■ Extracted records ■
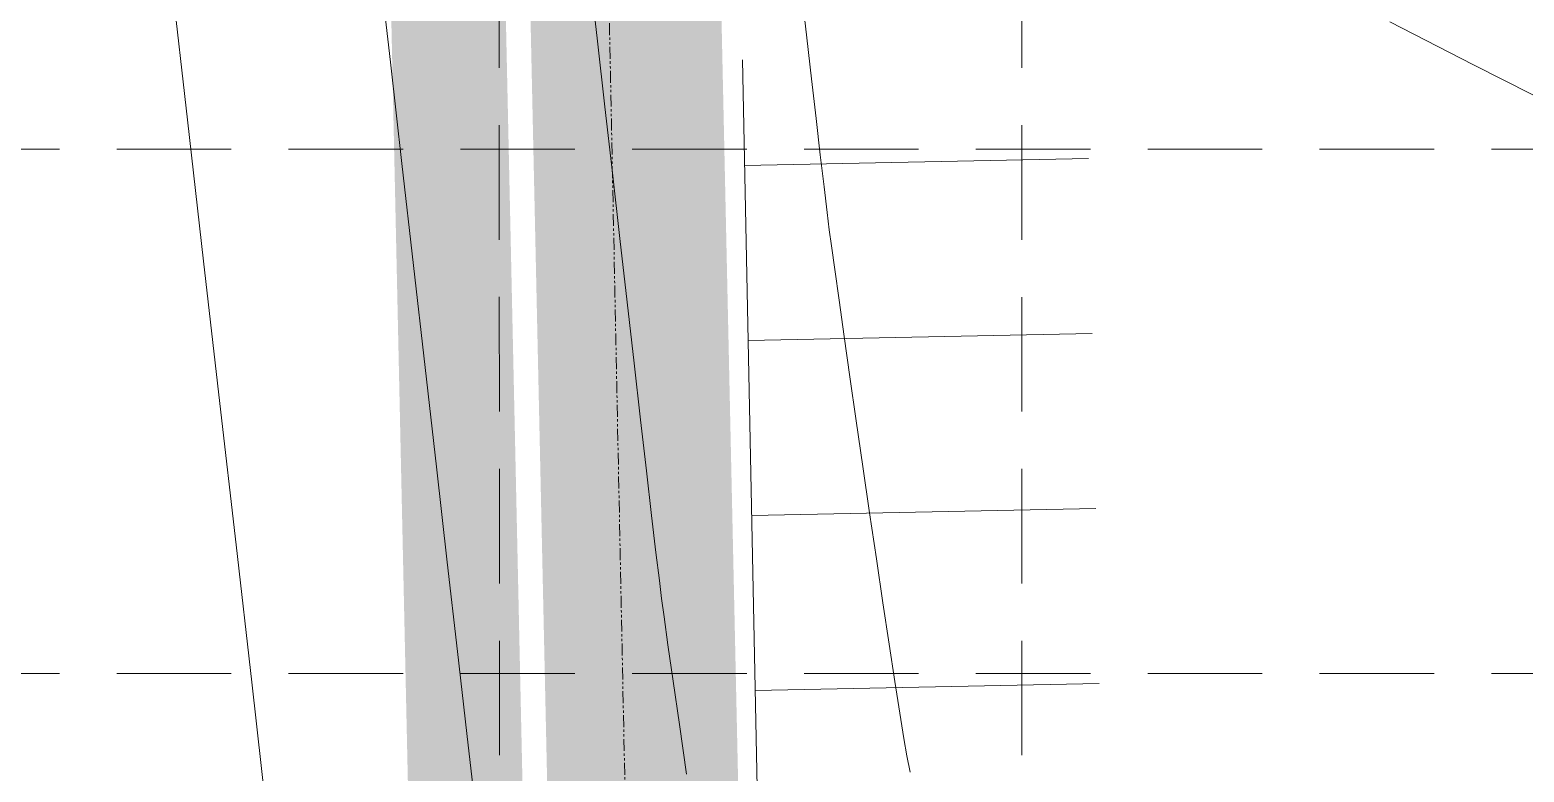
# Model space of a CAD drawing. Extents: x 2140663 to 2528301, y 336313 to 7007653.
# Drawn here: x 2527314.4 to 2527392.7, y 7006823.1 to 7006862 of the extents above; entities that cross this region are included whole.
import ezdxf

# ---------------------------------------------------------------- set-up
doc = ezdxf.new("R2010")
doc.units = 0
doc.header["$MEASUREMENT"] = 0
doc.linetypes.add('HIDDEN', pattern=[0.375, 0.25, -0.125])
doc.linetypes.add('PHANTOM2', pattern=[1.25, 0.625, -0.125, 0.125, -0.125, 0.125, -0.125])
for name, color, linetype in [('1 EXISTING CONTOURS', 43, 'Continuous'), ('1 SILT FENCE', 200, 'Continuous'), ('GRID', 254, 'HIDDEN'), ('LIMITS OF DISTURBANCE', 1, 'HIDDEN'), ('xdrc002ar$0$xdrc002ar$0$C-PKNG-FACE-N', 1, 'Continuous'), ('xdrc002ar$0$xdrc002ar$0$C-PKNG-STRP-N', 6, 'Continuous'), ('xdrc002pt$0$v-prop-line', 3, 'PHANTOM2')]:
    doc.layers.add(name, color=color, linetype=linetype)

msp = doc.modelspace()

# ---------------------------------------------------------------- linework, layer by layer
at = {"layer": '1 EXISTING CONTOURS', "color": 43, "lineweight": 0}
for points, elevation in [([(2527332.693710884, 7006865.446019855), (2527333.279494551, 7006860.308805083)], 600), ([(2527344.128481384, 7006861.423223267), (2527344.518531041, 7006857.985028684)], 601), ([(2527355.097411838, 7006861.591721544), (2527355.341045638, 7006859.441451853)], 602), ([(2527344.518531041, 7006857.985028684), (2527344.912157636, 7006854.517336046)], 601), ([(2527355.577236728, 7006857.367976992), (2527355.79686302, 7006855.455666001)], 602), ([(2527356.26513224, 7006851.529406649), (2527356.377025697, 7006850.70254134)], 602), ([(2527356.550414707, 7006849.455762525), (2527356.776364418, 7006847.852694625)], 602), ([(2527345.682699585, 7006847.74185473), (2527346.045893912, 7006844.558265113)], 601), ([(2527357.350206542, 7006843.832189267), (2527357.680229254, 7006841.542000652)], 602), ([(2527324.351974141, 7006842.43446521), (2527325.196288217, 7006835.03793843)], 599), ([(2527358.027073263, 7006839.150020647), (2527358.381803722, 7006836.719873671)], 602), ([(2527358.381803722, 7006836.719873671), (2527358.735485778, 7006834.315184149)], 602), ([(2527347.191414927, 7006834.633902647), (2527347.366678541, 7006833.165808684)], 601), ([(2527358.735485778, 7006834.315184149), (2527359.07918458, 7006831.999576503)], 602), ([(2527348.088761528, 7006827.902050519), (2527348.414683764, 7006825.623549535)], 601), ([(2527360.175450241, 7006824.900453144), (2527360.335210016, 7006823.984621224)], 602)]:
    msp.add_lwpolyline(points, dxfattribs=dict(at, elevation=elevation))
at = {"layer": '1 EXISTING CONTOURS', "color": 43, "lineweight": 0, "extrusion": (0.9935159374692104, 0.1136929285165792, 0), "elevation": 3307565.461302569}
msp.add_lwpolyline([(6674092.936665202, 599), (6674085.686607355, 599)], dxfattribs=at)
at = {"layer": '1 EXISTING CONTOURS', "color": 43, "lineweight": 0, "extrusion": (0.9936279817924073, 0.1127095106863107, 0), "elevation": 3300979.76813613}
msp.add_lwpolyline([(6677361.222657681, 601), (6677357.854599355, 601)], dxfattribs=at)
at = {"layer": '1 EXISTING CONTOURS', "color": 43, "lineweight": 0, "extrusion": (0.9936848013589055, 0.1122074665444012, 0), "elevation": 3297616.535569446}
msp.add_lwpolyline([(6679025.912693532, 602.0000000000007), (6679023.75638051, 602.0000000000007)], dxfattribs=at)
at = {"layer": '1 EXISTING CONTOURS', "color": 43, "lineweight": 0, "extrusion": (-0.4564788474024112, -0.889734264752216, 0), "elevation": -7387943.673814358}
msp.add_lwpolyline([(-949782.8896406577, 603.0000000000007), (-949777.9639805923, 603.0000000000007)], dxfattribs=at)
at = {"layer": '1 EXISTING CONTOURS', "color": 43, "lineweight": 0, "extrusion": (0.9935699380807851, 0.1132200430230661, 0), "elevation": 3304399.395636434}
msp.add_lwpolyline([(6675660.980522176, 600), (6675655.653658214, 600)], dxfattribs=at)
at = {"layer": '1 EXISTING CONTOURS', "color": 43, "lineweight": 0, "extrusion": (-0.4518173188428656, -0.8921104810468514, 0), "elevation": -7392811.988421885}
msp.add_lwpolyline([(-911109.6597898798, 603.0000000000007), (-911104.5141924033, 603.0000000000007)], dxfattribs=at)
at = {"layer": '1 EXISTING CONTOURS', "color": 43, "lineweight": 0, "extrusion": (0.9935746326246555, 0.1131788381491042, 0), "elevation": 3304144.365148984}
msp.add_lwpolyline([(6675794.654303648, 602.0000000000007), (6675792.567419792, 602.0000000000007)], dxfattribs=at)
at = {"layer": '1 EXISTING CONTOURS', "color": 43, "lineweight": 0, "extrusion": (0.993529177215939, 0.1135771720928964, 0), "elevation": 3306787.833671953}
msp.add_lwpolyline([(6674471.00945521, 599.0000000000007), (6674463.56011324, 599.0000000000007)], dxfattribs=at)
at = {"layer": '1 EXISTING CONTOURS', "color": 43, "lineweight": 0, "extrusion": (0.9932986257739921, 0.115576122254984, 0), "elevation": 3320244.222633027}
msp.add_lwpolyline([(6667797.912549954, 602.0000000000007), (6667796.234526814, 602.0000000000007)], dxfattribs=at)
at = {"layer": '1 EXISTING CONTOURS', "color": 43, "lineweight": 0, "extrusion": (0.993574392569392, 0.1131809455269046, 0), "elevation": 3304136.703129322}
msp.add_lwpolyline([(6675785.67804083, 600.0000000000007), (6675780.287645471, 600.0000000000007)], dxfattribs=at)
at = {"layer": '1 EXISTING CONTOURS', "color": 43, "lineweight": 0, "extrusion": (0.9936055224872045, 0.1129073322815189, 0), "elevation": 3302309.113186889}
msp.add_lwpolyline([(6676693.571902524, 601.0000000000003), (6676690.114704386, 601.0000000000003)], dxfattribs=at)
at = {"layer": '1 EXISTING CONTOURS', "color": 43, "lineweight": 0, "extrusion": (0.9929901472793132, 0.1181971548143516, 0), "elevation": 3337829.779580869}
msp.add_lwpolyline([(6659010.488476576, 602), (6659009.142162984, 602)], dxfattribs=at)
at = {"layer": '1 EXISTING CONTOURS', "color": 43, "lineweight": 0, "extrusion": (0.9922945820096433, 0.1239010190204566, 0), "elevation": 3376037.97331738}
msp.add_lwpolyline([(6639719.722667984, 602.0000000000007), (6639718.792898581, 602.0000000000007)], dxfattribs=at)
at = {"layer": '1 EXISTING CONTOURS', "color": 43, "lineweight": 0, "extrusion": (0.9935849118565682, 0.1130885623349057, 0), "elevation": 3303526.875002077}
msp.add_lwpolyline([(6676087.668160709, 601.0000000000007), (6676084.306203299, 601.0000000000007)], dxfattribs=at)
at = {"layer": '1 EXISTING CONTOURS', "color": 43, "lineweight": 0, "extrusion": (0.9904678709323845, 0.1377439532272449, 0), "elevation": 3468416.60528117}
msp.add_lwpolyline([(6591932.438701597, 602.0000000000007), (6591931.179923952, 602.0000000000007)], dxfattribs=at)
at = {"layer": '1 EXISTING CONTOURS', "color": 43, "lineweight": 0, "extrusion": (0.9935396056114103, 0.1134859113790053, 0), "elevation": 3306174.739476875}
msp.add_lwpolyline([(6674767.275661778, 599.0000000000007), (6674759.76148572, 599.0000000000007)], dxfattribs=at)
at = {"layer": '1 EXISTING CONTOURS', "color": 43, "lineweight": 0, "extrusion": (0.993575321821957, 0.1131727876584946, 0), "elevation": 3304081.890703882}
msp.add_lwpolyline([(6675807.416440709, 600), (6675802.055341916, 600)], dxfattribs=at)
at = {"layer": '1 EXISTING CONTOURS', "color": 43, "lineweight": 0, "extrusion": (0.9900401979838694, 0.1407849650213432, 0), "elevation": 3488643.63309919}
msp.add_lwpolyline([(6581247.199967718, 602.0000000000007), (6581245.285164092, 602.0000000000007)], dxfattribs=at)
at = {"layer": '1 EXISTING CONTOURS', "color": 43, "lineweight": 0, "extrusion": (0.9899019814933195, 0.1417535432911632, 0), "elevation": 3495080.989411822}
msp.add_lwpolyline([(6577828.880391326, 602), (6577826.733943657, 602)], dxfattribs=at)
at = {"layer": '1 EXISTING CONTOURS', "color": 43, "lineweight": 0, "extrusion": (0.9935134705130745, 0.1137144841656791, 0), "elevation": 3307732.055815771}
msp.add_lwpolyline([(6673998.60251063, 601.0000000000007), (6673995.618464981, 601.0000000000007)], dxfattribs=at)
at = {"layer": '1 EXISTING CONTOURS', "color": 43, "lineweight": 0, "extrusion": (0.9935727168502868, 0.1131956550877284, 0), "elevation": 3304235.535584502}
msp.add_lwpolyline([(6675726.009054393, 600.0000000000007), (6675720.770080136, 600.0000000000007)], dxfattribs=at)
at = {"layer": '1 EXISTING CONTOURS', "color": 43, "lineweight": 0, "extrusion": (0.9934532454832576, 0.1142394373182146, 0), "elevation": 3311258.109888226}
msp.add_lwpolyline([(6672246.892768615, 601), (6672244.191393425, 601)], dxfattribs=at)
at = {"layer": '1 EXISTING CONTOURS', "color": 43, "lineweight": 0, "extrusion": (0.9896500110729406, 0.143502110030928, 0), "elevation": 3506696.102153617}
msp.add_lwpolyline([(6571639.649711516, 602), (6571637.23271563, 602)], dxfattribs=at)
at = {"layer": '1 EXISTING CONTOURS', "color": 43, "lineweight": 0, "extrusion": (0.9935661731516434, 0.113253077524626, 0), "elevation": 3304621.347239068}
msp.add_lwpolyline([(6675529.793662118, 600.0000000000003), (6675524.769640342, 600.0000000000003)], dxfattribs=at)
at = {"layer": '1 EXISTING CONTOURS', "color": 43, "lineweight": 0, "extrusion": (0.9933629813646179, 0.1150216816708832, 0), "elevation": 3316511.041333728}
msp.add_lwpolyline([(6669634.722576293, 601.0000000000007), (6669632.366347139, 601.0000000000007)], dxfattribs=at)
at = {"layer": '1 EXISTING CONTOURS', "color": 43, "lineweight": 0, "extrusion": (0.9932172821882442, 0.116273085288892, 0), "elevation": 3324911.189596152}
msp.add_lwpolyline([(6665448.744894237, 601.0000000000003), (6665446.796285218, 601.0000000000003)], dxfattribs=at)
at = {"layer": '1 EXISTING CONTOURS', "color": 43, "lineweight": 0, "extrusion": (0.99355436295374, 0.1133566401036493, 0), "elevation": 3305306.253036304}
msp.add_lwpolyline([(6675182.429740335, 599.0000000000003), (6675175.189246353, 599.0000000000003)], dxfattribs=at)
at = {"layer": '1 EXISTING CONTOURS', "color": 43, "lineweight": 0, "extrusion": (0.9935547589040589, 0.1133531696032253, 0), "elevation": 3305293.828190399}
msp.add_lwpolyline([(6675191.825560998, 600), (6675187.10931963, 600)], dxfattribs=at)
at = {"layer": '1 EXISTING CONTOURS', "color": 43, "lineweight": 0, "extrusion": (0.992309213533708, 0.1237837822015216, 0), "elevation": 3375242.388274131}
msp.add_lwpolyline([(6640100.492140991, 601), (6640099.546169487, 601)], dxfattribs=at)
at = {"layer": '1 EXISTING CONTOURS', "color": 43, "lineweight": 0, "extrusion": (0.990899555223118, 0.1346033857621237, 0), "elevation": 3447490.838802889}
msp.add_lwpolyline([(6602877.409055306, 601.0000000000007), (6602876.440155129, 601.0000000000007)], dxfattribs=at)
at = {"layer": '1 EXISTING CONTOURS', "color": 43, "lineweight": 0, "extrusion": (0.988913167231613, 0.1484949415836783, 0), "elevation": 3539817.78019176}
msp.add_lwpolyline([(6553848.386136526, 602.0000000000007), (6553846.198986615, 602.0000000000007)], dxfattribs=at)
at = {"layer": '1 EXISTING CONTOURS', "color": 43, "lineweight": 0, "extrusion": (0.9903496199340321, 0.1385915953314563, 0), "elevation": 3474045.672671923}
msp.add_lwpolyline([(6588943.54443677, 601), (6588942.067429878, 601)], dxfattribs=at)
at = {"layer": '1 EXISTING CONTOURS', "color": 43, "lineweight": 0, "extrusion": (0.9900858403364249, 0.1404636207895682, 0), "elevation": 3486495.973655506}
msp.add_lwpolyline([(6582362.549225135, 601.0000000000007), (6582360.627951358, 601.0000000000007)], dxfattribs=at)
at = {"layer": '1 EXISTING CONTOURS', "color": 43, "lineweight": 0, "extrusion": (0.9885651106738852, 0.1507946350449153, 0), "elevation": 3555051.676936874}
msp.add_lwpolyline([(6545595.27401758, 602), (6545593.304930665, 602)], dxfattribs=at)
at = {"layer": '1 EXISTING CONTOURS', "color": 43, "lineweight": 0, "extrusion": (0.9935366804198255, 0.1135115177431522, 0), "elevation": 3306357.656182323}
msp.add_lwpolyline([(6674660.237383255, 600.0000000000007), (6674655.921750148, 600.0000000000007)], dxfattribs=at)
at = {"layer": '1 EXISTING CONTOURS', "color": 43, "lineweight": 0, "extrusion": (0.9935593195951135, 0.1133131874306576, 0), "elevation": 3305014.314685984}
msp.add_lwpolyline([(6675319.738650104, 599.0000000000007), (6675312.836672337, 599.0000000000007)], dxfattribs=at)
at = {"layer": '1 EXISTING CONTOURS', "color": 43, "lineweight": 0, "extrusion": (0.9880363210660296, 0.1542213612127249, 0), "elevation": 3577725.715876088}
msp.add_lwpolyline([(6533227.597535826, 602), (6533225.910740066, 602)], dxfattribs=at)
at = {"layer": '1 EXISTING CONTOURS', "color": 43, "lineweight": 0, "extrusion": (0.987120690744786, 0.1599773168406593, 0), "elevation": 3615742.569298122}
msp.add_lwpolyline([(6512262.87640263, 602.0000000000007), (6512261.536104606, 602.0000000000007)], dxfattribs=at)
at = {"layer": '1 EXISTING CONTOURS', "color": 43, "lineweight": 0, "extrusion": (0.9935084919647617, 0.1137579728806086, 0), "elevation": 3308013.282507535}
msp.add_lwpolyline([(6673835.534915697, 600), (6673831.712718579, 600)], dxfattribs=at)
at = {"layer": '1 EXISTING CONTOURS', "color": 43, "lineweight": 0, "extrusion": (0.9898081202563441, 0.1424074614428704, 0), "elevation": 3499414.233393535}
msp.add_lwpolyline([(6575499.627492773, 601), (6575497.00922946, 601)], dxfattribs=at)
at = {"layer": '1 EXISTING CONTOURS', "color": 43, "lineweight": 0, "extrusion": (0.9790899282144478, 0.2034279048435287, 0), "elevation": 3899896.5719717}
msp.add_lwpolyline([(6346175.174337655, 602.0000000000003), (6346174.308982619, 602.0000000000003)], dxfattribs=at)
at = {"layer": '1 SILT FENCE', "color": 200, "linetype": 'Continuous', "lineweight": 0, "const_width": 10}
msp.add_lwpolyline([(2527349.882174684, 7006666.896567727), (2527332.665792525, 7007457.699583834), (2527360.286020877, 7007457.772928173)], dxfattribs=at)
at = {"layer": 'GRID', "color": 253, "linetype": 'HIDDEN', "lineweight": 0, "ltscale": 24}
for p, q in [((2527339.208465025, 7006032.020494846), (2527338.773547749, 7007623.404141763)), ((2527366.415647264, 7006032.016217309), (2527366.29970966, 7007623.616497753)), ((2527228.947377252, 7006855.753772439), (2528272.331315909, 7006855.753772439)), ((2527228.947377252, 7006828.296300367), (2528272.331315909, 7006828.296300367))]:
    msp.add_line(p, q, dxfattribs=at)
at = {"layer": 'LIMITS OF DISTURBANCE', "ltscale": 70, "const_width": 6}
msp.add_lwpolyline([(2527323.279507909, 7007478.034385583), (2527323.279507909, 7007463.102355542), (2527345.362386929, 7006446.874516389, 0.3527120601780434), (2527681.725039883, 7006131.321992346), (2528205.897920626, 7006144.525554366), (2528183.386823632, 7007495.015237641)], format="xyb", close=True, dxfattribs=at)
at = {"layer": 'xdrc002ar$0$xdrc002ar$0$C-PKNG-FACE-N', "color": 7, "lineweight": 0}
msp.add_line((2527355.646435559, 7006667.11594845), (2527351.721475656, 7006860.436443256), dxfattribs=at)
at = {"layer": 'xdrc002ar$0$xdrc002ar$0$C-PKNG-STRP-N', "color": 7, "linetype": 'Continuous', "lineweight": 0}
for p, q in [((2527369.84728429, 7006855.267854908), (2527351.833838091, 7006854.902130343)), ((2527370.033336674, 7006846.10400615), (2527352.019890476, 7006845.738281585)), ((2527370.219389058, 7006836.940157397), (2527352.205942859, 7006836.574432832)), ((2527370.405441442, 7006827.776308639), (2527352.391995243, 7006827.410584074))]:
    msp.add_line(p, q, dxfattribs=at)
at = {"layer": 'xdrc002pt$0$v-prop-line', "color": 7, "lineweight": 0}
msp.add_line((2527352.351449143, 7006488.063281032), (2527332.689739998, 7007456.483707082), dxfattribs=at)

doc.saveas('drawing.dxf')

■ Exercise description ■
Whenever the string "pattern" shows up in a line of the entries, copy that line.

■ Response box ■
doc.linetypes.add('HIDDEN', pattern=[0.375, 0.25, -0.125])
doc.linetypes.add('PHANTOM2', pattern=[1.25, 0.625, -0.125, 0.125, -0.125, 0.125, -0.125])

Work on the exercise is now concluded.